━━━ DATASET RECORDS
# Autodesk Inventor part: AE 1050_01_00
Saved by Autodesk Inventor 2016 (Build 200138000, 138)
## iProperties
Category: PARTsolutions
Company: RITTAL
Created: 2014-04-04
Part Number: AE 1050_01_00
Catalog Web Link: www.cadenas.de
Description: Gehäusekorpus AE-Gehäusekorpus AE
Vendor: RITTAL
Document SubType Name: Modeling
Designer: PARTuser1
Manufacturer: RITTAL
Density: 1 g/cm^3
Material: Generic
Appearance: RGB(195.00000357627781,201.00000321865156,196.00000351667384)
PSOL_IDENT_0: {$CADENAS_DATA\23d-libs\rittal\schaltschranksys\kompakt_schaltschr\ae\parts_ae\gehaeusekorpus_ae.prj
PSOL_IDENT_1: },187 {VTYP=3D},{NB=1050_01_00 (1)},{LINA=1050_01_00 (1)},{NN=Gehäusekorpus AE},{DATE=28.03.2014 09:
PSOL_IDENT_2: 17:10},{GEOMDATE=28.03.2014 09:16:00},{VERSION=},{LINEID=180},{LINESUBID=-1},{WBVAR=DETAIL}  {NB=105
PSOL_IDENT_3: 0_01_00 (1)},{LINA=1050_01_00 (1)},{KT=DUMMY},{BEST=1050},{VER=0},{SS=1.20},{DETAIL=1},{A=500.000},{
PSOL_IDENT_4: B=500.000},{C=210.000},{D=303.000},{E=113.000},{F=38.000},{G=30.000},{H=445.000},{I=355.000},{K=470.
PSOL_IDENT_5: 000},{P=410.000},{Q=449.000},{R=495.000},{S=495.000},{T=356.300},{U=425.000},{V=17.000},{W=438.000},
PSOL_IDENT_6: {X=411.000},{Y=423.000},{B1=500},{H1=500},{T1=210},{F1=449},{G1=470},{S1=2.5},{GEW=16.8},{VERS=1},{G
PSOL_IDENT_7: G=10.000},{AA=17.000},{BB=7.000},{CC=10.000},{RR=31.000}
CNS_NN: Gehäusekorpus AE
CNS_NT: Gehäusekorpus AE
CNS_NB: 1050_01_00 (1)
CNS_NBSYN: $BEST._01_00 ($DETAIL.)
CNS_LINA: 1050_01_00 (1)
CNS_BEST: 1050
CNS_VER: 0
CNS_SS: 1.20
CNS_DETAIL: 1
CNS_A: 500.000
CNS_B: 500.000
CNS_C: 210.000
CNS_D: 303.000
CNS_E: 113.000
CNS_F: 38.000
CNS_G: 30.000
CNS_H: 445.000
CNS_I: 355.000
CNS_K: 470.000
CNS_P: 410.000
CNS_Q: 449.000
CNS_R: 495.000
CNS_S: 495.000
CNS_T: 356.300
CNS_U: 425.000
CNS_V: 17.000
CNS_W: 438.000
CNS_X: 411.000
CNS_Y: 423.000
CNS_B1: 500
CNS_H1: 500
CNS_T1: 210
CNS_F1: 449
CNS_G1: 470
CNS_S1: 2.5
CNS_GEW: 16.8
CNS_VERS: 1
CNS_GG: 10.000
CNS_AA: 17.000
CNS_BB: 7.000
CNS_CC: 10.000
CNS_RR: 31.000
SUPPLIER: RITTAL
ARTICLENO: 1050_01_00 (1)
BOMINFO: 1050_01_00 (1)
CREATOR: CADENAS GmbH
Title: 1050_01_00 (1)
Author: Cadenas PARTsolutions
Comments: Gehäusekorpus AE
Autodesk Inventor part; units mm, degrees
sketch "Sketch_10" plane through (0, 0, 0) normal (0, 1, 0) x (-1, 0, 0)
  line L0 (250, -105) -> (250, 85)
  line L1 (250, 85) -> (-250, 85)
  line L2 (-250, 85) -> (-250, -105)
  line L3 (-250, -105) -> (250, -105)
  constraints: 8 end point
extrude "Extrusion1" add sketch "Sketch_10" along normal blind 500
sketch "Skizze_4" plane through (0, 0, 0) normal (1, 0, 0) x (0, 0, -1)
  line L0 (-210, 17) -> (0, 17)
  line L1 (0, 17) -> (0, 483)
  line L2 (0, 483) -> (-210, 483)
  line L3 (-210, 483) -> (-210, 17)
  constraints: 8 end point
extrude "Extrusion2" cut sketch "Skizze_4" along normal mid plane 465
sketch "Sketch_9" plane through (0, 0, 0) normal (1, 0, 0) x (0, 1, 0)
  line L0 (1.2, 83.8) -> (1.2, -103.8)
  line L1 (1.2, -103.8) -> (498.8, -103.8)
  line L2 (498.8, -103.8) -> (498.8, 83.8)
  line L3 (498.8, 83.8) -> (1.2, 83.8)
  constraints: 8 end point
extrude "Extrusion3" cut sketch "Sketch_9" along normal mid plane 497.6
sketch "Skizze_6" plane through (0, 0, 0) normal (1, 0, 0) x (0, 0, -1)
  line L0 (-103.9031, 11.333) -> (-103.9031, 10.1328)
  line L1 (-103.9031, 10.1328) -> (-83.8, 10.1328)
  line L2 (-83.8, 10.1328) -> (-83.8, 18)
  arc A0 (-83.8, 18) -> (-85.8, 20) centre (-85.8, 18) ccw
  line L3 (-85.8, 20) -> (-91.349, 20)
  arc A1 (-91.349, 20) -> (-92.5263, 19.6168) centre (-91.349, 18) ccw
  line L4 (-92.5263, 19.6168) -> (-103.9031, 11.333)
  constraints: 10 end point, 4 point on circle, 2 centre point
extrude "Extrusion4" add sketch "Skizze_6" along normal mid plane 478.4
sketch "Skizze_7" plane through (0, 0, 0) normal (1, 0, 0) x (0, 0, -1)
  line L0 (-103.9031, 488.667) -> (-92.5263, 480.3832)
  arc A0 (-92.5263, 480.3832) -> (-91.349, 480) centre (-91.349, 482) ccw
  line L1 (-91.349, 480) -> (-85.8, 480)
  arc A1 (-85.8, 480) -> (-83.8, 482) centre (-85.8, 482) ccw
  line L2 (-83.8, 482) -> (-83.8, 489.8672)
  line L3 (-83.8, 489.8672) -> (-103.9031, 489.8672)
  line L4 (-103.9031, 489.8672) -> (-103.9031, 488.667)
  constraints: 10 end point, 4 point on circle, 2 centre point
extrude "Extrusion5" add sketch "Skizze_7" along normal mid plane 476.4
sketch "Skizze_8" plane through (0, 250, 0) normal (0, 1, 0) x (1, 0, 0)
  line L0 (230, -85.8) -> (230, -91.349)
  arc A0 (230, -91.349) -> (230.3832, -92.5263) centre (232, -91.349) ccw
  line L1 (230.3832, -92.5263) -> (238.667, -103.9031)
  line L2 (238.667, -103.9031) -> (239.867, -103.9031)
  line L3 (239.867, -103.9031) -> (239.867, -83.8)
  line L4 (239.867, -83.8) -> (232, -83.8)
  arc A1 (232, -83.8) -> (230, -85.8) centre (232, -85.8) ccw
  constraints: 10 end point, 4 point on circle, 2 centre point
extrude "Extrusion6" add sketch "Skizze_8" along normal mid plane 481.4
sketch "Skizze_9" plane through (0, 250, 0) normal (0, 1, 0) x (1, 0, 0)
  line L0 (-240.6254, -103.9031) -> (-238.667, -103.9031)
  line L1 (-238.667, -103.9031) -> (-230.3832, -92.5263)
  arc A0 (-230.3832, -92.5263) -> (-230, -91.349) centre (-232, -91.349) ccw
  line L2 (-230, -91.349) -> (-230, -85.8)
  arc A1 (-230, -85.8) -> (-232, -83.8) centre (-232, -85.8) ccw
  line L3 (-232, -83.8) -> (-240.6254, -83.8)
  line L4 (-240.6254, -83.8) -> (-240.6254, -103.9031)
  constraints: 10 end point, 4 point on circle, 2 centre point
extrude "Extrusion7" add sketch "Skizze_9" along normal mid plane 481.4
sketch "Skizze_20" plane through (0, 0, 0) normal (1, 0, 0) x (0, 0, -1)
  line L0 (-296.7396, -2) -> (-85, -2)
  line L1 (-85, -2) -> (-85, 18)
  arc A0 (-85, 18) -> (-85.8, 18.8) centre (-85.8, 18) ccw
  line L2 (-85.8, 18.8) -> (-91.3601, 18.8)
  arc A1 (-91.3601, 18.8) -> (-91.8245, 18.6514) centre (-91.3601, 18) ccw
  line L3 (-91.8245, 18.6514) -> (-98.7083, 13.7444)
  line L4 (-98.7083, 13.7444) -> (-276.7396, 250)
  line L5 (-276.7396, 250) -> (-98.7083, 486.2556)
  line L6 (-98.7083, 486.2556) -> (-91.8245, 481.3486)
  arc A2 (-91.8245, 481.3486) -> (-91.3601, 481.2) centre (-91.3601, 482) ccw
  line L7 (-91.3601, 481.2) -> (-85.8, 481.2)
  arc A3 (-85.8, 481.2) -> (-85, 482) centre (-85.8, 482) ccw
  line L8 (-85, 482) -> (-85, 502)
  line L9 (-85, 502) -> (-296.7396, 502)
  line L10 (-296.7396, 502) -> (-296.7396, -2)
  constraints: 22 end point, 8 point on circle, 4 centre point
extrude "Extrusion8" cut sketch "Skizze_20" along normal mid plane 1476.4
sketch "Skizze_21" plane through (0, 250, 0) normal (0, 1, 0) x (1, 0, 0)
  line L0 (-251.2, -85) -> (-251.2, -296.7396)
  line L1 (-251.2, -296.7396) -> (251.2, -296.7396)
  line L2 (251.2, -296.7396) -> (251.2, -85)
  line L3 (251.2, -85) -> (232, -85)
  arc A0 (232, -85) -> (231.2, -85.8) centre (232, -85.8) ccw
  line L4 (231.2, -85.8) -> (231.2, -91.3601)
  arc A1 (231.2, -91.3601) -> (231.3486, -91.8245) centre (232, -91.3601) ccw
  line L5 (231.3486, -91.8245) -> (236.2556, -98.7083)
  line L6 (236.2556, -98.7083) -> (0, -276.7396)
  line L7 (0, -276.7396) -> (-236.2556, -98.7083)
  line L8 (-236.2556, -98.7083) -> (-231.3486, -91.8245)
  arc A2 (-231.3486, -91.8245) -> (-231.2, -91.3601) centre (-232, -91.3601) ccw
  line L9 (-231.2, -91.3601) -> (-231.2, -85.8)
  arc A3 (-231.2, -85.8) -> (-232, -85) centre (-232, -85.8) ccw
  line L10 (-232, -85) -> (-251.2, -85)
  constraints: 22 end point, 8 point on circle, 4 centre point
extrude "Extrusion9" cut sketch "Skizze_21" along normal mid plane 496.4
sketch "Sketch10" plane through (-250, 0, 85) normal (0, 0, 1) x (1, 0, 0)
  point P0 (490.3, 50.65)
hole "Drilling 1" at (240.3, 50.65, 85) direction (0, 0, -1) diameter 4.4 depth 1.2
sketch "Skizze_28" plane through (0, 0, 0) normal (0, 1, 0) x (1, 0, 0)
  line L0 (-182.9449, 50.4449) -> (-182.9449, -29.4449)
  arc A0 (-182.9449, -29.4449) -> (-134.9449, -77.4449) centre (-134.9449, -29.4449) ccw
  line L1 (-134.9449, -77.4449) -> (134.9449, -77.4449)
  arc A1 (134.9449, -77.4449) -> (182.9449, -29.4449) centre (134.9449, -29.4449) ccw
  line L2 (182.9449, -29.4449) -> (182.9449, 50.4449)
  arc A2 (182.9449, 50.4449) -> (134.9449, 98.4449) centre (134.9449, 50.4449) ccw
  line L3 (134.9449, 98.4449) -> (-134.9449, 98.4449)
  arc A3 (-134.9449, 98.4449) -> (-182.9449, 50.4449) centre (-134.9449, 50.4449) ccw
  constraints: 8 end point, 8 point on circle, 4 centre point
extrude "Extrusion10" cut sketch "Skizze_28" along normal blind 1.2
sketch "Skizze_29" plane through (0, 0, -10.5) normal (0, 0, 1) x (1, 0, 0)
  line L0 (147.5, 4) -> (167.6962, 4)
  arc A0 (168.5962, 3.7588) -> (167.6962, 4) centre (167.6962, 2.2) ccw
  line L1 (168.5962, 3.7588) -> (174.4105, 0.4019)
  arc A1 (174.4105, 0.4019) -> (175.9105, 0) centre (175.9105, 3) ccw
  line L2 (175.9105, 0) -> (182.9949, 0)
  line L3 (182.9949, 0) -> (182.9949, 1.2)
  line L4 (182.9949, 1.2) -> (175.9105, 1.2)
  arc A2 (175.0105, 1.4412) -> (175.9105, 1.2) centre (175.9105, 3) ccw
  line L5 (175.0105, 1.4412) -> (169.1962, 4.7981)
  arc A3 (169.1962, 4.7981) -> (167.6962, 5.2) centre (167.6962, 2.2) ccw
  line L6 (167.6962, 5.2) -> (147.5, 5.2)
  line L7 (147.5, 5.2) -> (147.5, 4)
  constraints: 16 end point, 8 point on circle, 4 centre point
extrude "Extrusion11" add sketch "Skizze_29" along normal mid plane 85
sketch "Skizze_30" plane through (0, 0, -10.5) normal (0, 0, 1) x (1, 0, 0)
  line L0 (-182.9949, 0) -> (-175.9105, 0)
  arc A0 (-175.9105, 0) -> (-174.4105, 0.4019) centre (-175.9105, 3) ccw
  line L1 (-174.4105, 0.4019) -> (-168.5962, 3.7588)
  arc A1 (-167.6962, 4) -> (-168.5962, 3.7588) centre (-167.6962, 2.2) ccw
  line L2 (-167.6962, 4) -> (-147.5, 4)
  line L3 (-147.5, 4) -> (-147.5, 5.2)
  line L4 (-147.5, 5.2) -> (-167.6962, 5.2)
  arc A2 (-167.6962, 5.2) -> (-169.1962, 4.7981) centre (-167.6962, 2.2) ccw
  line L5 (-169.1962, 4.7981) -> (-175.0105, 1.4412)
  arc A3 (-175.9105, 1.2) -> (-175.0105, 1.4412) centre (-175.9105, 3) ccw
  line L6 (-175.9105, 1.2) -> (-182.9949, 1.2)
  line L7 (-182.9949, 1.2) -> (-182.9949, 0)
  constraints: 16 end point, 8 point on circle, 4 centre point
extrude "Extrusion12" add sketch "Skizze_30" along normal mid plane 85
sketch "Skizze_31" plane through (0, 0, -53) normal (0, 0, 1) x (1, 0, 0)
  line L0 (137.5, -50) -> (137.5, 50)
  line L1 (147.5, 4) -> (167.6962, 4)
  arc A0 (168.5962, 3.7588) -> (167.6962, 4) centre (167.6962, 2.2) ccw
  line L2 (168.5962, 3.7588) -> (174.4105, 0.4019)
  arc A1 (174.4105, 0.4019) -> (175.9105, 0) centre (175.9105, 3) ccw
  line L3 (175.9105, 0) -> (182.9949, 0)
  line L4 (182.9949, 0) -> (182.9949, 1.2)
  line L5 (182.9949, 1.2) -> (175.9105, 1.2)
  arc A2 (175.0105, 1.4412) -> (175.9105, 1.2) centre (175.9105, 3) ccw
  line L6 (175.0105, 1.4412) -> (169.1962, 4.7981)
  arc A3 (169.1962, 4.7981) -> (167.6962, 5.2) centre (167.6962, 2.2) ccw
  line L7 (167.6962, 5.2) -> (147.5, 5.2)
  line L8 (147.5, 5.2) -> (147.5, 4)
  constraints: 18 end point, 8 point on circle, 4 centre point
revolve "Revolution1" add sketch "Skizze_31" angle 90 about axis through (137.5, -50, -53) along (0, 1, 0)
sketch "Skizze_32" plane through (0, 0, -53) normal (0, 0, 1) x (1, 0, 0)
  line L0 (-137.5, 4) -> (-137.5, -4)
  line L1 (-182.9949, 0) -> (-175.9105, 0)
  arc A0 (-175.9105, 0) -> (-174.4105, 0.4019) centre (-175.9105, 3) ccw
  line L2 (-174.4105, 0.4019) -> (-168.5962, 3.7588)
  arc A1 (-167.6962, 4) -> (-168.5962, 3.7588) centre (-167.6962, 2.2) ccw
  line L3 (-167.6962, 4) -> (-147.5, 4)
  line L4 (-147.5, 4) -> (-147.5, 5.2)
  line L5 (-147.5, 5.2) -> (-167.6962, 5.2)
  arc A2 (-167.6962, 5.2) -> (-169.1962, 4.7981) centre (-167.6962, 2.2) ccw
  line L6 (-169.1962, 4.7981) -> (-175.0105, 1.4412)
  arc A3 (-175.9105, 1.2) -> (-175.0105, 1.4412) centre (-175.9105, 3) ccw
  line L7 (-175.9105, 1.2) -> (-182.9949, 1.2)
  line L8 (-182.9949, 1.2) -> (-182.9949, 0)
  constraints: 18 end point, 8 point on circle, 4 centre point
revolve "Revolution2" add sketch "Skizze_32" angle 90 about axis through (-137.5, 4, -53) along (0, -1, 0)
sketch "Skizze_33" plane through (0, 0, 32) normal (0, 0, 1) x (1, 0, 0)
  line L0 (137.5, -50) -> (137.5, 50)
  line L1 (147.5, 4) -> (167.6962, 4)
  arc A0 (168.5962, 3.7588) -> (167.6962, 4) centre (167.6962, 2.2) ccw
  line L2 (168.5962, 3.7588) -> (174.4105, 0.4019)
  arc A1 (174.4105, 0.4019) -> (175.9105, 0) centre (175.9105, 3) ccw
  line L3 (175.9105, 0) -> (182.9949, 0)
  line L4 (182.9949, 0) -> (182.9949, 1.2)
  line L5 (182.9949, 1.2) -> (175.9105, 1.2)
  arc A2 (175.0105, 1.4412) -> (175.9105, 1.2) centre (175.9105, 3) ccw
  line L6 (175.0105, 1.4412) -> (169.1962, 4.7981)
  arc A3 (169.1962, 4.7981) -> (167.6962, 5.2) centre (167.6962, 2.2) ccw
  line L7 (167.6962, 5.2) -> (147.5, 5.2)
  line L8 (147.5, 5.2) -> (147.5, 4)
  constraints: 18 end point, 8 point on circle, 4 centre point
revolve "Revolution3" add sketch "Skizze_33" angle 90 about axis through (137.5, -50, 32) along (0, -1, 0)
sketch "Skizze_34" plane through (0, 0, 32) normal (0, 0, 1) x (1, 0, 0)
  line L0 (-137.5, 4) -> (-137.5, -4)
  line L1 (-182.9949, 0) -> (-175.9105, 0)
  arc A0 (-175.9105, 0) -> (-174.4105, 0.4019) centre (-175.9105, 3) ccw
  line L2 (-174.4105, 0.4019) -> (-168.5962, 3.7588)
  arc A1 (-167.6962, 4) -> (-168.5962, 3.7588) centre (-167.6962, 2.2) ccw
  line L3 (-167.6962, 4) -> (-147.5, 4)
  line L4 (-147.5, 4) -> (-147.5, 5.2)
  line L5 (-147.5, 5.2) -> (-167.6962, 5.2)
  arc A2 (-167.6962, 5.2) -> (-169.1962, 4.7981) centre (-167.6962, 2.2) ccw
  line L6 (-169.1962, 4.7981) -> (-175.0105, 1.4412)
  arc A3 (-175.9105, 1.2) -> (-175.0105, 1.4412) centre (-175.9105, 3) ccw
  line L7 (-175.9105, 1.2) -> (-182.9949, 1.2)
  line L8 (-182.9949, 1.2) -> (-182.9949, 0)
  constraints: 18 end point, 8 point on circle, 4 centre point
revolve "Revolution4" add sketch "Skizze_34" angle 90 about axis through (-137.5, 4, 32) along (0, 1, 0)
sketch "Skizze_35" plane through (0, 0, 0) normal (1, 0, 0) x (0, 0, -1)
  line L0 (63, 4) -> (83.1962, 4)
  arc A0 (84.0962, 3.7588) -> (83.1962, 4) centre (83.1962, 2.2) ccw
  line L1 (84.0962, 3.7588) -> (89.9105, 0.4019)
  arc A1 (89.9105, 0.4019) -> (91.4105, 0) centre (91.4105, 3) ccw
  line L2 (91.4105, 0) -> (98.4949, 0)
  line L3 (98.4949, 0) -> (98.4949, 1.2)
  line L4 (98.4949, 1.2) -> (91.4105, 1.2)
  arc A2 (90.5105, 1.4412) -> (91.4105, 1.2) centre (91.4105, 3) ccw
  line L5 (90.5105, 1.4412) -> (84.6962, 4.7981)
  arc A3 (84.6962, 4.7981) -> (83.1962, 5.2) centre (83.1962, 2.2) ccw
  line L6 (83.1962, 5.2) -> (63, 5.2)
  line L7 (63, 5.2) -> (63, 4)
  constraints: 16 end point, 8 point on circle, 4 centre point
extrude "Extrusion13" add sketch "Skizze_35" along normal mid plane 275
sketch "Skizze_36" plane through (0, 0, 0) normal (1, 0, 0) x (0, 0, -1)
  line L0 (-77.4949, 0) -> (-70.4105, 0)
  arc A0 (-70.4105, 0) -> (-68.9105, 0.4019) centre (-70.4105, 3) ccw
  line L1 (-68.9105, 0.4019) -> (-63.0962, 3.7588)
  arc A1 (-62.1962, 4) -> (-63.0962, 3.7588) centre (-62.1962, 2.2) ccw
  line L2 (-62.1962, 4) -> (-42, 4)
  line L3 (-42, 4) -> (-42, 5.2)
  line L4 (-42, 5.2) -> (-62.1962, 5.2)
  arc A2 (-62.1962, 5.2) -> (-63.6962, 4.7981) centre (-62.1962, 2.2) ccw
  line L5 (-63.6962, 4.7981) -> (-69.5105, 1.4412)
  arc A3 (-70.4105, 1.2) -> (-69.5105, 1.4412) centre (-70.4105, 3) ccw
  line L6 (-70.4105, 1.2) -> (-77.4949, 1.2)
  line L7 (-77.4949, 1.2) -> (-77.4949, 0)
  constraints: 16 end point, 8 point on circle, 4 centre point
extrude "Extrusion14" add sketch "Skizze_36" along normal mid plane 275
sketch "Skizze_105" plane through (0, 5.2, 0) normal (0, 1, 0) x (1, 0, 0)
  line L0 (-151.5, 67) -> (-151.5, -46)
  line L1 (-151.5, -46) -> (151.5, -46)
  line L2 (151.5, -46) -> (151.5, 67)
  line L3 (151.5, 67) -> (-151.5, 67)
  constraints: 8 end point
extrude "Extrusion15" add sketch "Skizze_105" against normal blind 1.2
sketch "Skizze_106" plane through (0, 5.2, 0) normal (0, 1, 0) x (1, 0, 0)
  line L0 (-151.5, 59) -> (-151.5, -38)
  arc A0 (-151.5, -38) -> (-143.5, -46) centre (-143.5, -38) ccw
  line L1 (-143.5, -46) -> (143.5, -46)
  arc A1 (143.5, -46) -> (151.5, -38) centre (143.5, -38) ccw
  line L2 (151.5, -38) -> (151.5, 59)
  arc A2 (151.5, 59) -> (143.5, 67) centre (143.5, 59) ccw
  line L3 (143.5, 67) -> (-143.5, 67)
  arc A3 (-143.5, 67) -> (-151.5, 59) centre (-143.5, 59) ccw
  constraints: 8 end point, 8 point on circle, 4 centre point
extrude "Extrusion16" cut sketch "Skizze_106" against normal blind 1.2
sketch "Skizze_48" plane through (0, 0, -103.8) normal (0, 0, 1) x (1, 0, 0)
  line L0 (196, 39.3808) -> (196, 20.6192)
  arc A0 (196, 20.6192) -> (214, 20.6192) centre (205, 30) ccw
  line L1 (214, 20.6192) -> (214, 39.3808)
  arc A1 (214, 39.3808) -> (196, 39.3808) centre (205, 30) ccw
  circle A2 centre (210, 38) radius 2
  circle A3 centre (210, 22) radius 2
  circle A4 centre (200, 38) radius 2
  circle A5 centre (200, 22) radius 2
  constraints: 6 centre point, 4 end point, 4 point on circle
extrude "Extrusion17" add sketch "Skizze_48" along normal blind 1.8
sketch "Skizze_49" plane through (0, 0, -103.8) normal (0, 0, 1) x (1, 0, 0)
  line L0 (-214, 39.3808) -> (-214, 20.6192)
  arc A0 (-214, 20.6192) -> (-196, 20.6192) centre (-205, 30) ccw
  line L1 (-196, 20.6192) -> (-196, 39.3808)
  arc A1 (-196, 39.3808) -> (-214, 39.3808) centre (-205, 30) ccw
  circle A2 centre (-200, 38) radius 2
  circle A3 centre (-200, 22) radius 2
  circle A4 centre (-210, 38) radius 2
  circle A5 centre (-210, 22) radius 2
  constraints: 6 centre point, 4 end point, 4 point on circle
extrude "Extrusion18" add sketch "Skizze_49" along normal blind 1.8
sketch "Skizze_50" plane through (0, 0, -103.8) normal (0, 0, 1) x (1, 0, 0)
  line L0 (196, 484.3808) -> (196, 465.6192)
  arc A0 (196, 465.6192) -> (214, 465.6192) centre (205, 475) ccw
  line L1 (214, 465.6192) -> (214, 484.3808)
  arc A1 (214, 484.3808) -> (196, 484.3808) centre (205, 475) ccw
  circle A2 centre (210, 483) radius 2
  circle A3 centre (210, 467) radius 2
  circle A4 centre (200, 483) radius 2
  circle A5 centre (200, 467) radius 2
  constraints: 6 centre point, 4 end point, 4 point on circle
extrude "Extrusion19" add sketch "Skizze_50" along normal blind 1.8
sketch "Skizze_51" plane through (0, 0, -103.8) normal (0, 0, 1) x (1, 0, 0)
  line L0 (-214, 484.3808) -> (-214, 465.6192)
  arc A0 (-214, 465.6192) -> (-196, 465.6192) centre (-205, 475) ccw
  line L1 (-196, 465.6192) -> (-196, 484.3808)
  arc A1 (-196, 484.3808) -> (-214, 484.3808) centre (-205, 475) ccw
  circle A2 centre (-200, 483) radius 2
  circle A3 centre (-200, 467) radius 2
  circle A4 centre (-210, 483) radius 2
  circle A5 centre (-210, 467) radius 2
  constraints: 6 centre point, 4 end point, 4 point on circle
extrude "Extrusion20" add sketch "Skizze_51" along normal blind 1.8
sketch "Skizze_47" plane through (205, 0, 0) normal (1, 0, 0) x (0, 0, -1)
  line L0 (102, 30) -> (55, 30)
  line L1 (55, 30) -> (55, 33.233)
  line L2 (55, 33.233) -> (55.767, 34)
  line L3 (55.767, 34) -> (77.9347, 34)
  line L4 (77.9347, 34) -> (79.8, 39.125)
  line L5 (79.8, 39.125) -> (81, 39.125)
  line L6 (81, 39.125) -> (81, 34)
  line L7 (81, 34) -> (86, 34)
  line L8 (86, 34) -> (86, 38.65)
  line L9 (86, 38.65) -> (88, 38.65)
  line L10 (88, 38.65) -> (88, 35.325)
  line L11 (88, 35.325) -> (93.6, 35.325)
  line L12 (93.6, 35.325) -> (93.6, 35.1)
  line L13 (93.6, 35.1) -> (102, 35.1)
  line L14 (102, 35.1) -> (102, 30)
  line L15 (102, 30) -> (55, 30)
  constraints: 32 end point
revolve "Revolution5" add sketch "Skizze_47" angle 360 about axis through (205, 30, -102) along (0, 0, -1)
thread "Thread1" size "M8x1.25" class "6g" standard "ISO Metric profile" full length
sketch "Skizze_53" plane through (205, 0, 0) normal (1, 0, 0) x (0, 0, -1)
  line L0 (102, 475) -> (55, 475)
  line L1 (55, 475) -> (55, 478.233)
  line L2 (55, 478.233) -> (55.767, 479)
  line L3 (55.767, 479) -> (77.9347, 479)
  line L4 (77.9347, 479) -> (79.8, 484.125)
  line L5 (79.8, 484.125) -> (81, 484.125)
━━━━━━
TASK OBJECTIVE:
Starting at the line above that contains "Vendor: RITTAL", write out each line exactly until the line that contains "CNS_E: 113.000" has been written, and stop there.

YOUR RESPONSE:
Vendor: RITTAL
Document SubType Name: Modeling
Designer: PARTuser1
Manufacturer: RITTAL
Density: 1 g/cm^3
Material: Generic
Appearance: RGB(195.00000357627781,201.00000321865156,196.00000351667384)
PSOL_IDENT_0: {$CADENAS_DATA\23d-libs\rittal\schaltschranksys\kompakt_schaltschr\ae\parts_ae\gehaeusekorpus_ae.prj
PSOL_IDENT_1: },187 {VTYP=3D},{NB=1050_01_00 (1)},{LINA=1050_01_00 (1)},{NN=Gehäusekorpus AE},{DATE=28.03.2014 09:
PSOL_IDENT_2: 17:10},{GEOMDATE=28.03.2014 09:16:00},{VERSION=},{LINEID=180},{LINESUBID=-1},{WBVAR=DETAIL}  {NB=105
PSOL_IDENT_3: 0_01_00 (1)},{LINA=1050_01_00 (1)},{KT=DUMMY},{BEST=1050},{VER=0},{SS=1.20},{DETAIL=1},{A=500.000},{
PSOL_IDENT_4: B=500.000},{C=210.000},{D=303.000},{E=113.000},{F=38.000},{G=30.000},{H=445.000},{I=355.000},{K=470.
PSOL_IDENT_5: 000},{P=410.000},{Q=449.000},{R=495.000},{S=495.000},{T=356.300},{U=425.000},{V=17.000},{W=438.000},
PSOL_IDENT_6: {X=411.000},{Y=423.000},{B1=500},{H1=500},{T1=210},{F1=449},{G1=470},{S1=2.5},{GEW=16.8},{VERS=1},{G
PSOL_IDENT_7: G=10.000},{AA=17.000},{BB=7.000},{CC=10.000},{RR=31.000}
CNS_NN: Gehäusekorpus AE
CNS_NT: Gehäusekorpus AE
CNS_NB: 1050_01_00 (1)
CNS_NBSYN: $BEST._01_00 ($DETAIL.)
CNS_LINA: 1050_01_00 (1)
CNS_BEST: 1050
CNS_VER: 0
CNS_SS: 1.20
CNS_DETAIL: 1
CNS_A: 500.000
CNS_B: 500.000
CNS_C: 210.000
CNS_D: 303.000
CNS_E: 113.000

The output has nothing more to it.